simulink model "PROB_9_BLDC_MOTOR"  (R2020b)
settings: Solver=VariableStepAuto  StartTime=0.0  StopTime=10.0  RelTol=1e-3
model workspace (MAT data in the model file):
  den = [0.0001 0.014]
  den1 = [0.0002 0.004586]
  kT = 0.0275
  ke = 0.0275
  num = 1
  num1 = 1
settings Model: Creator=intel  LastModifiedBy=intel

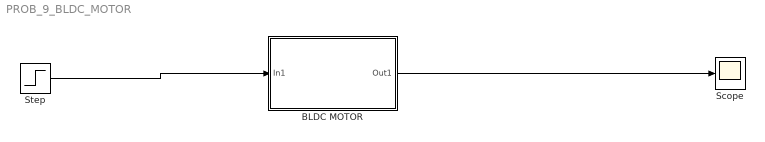
== system PROB_9_BLDC_MOTOR ==
  BLDC MOTOR : Subsystem  TreatAsAtomicUnit=on
      mask Display: image('bldc_motor.png'); % Use "Edit Image" on toolstrip to change.
  Scope : Scope
  Step : Step  SampleTime=0
  wires:
  Step/1 -> BLDC MOTOR/1(In1)
  BLDC MOTOR/1(Out1) -> Scope/1

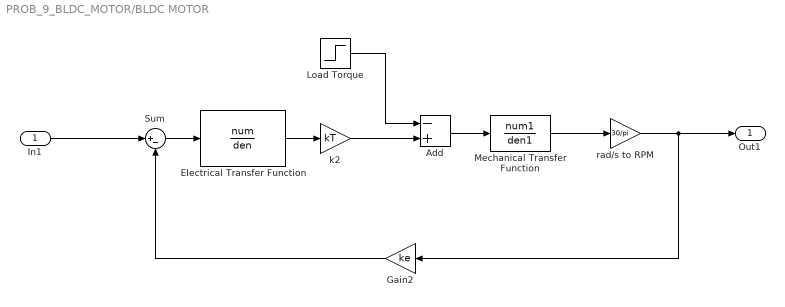
== system PROB_9_BLDC_MOTOR/BLDC MOTOR ==
  In1 : Inport
  " Mechanical Transfer Function" : TransferFcn  Numerator=num1  Denominator=den1
  Add : Sum  Inputs=-+
  Electrical Transfer Function : TransferFcn  Numerator=num  Denominator=den
  Gain2 : Gain  Gain=ke
  Load Torque : Step  SampleTime=0
  Sum : Sum  Inputs=|+-
  "k2 " : Gain  Gain=kT
  rad/s to RPM : Gain  Gain=30/pi
  Out1 : Outport
  wires:
  In1/1 -> Sum/1
  Electrical Transfer Function/1 -> "k2 "/1
  Sum/1 -> Electrical Transfer Function/1
  Add/1 -> " Mechanical Transfer Function"/1
  Gain2/1 -> Sum/2
  " Mechanical Transfer Function"/1 -> rad/s to RPM/1
  rad/s to RPM/1 -> Out1/1, Gain2/1
  Load Torque/1 -> Add/1
  "k2 "/1 -> Add/2
------------------------------------------------------------
• [Problem description]:
Both the first line of the records above and the line containing "BLDC MOTOR : Subsystem" belong in the copy; please return them and every line between, exactly, minus the pictures.

• [Result]:
simulink model "PROB_9_BLDC_MOTOR"  (R2020b)
settings: Solver=VariableStepAuto  StartTime=0.0  StopTime=10.0  RelTol=1e-3
model workspace (MAT data in the model file):
  den = [0.0001 0.014]
  den1 = [0.0002 0.004586]
  kT = 0.0275
  ke = 0.0275
  num = 1
  num1 = 1
settings Model: Creator=intel  LastModifiedBy=intel

== system PROB_9_BLDC_MOTOR ==
  BLDC MOTOR : Subsystem  TreatAsAtomicUnit=on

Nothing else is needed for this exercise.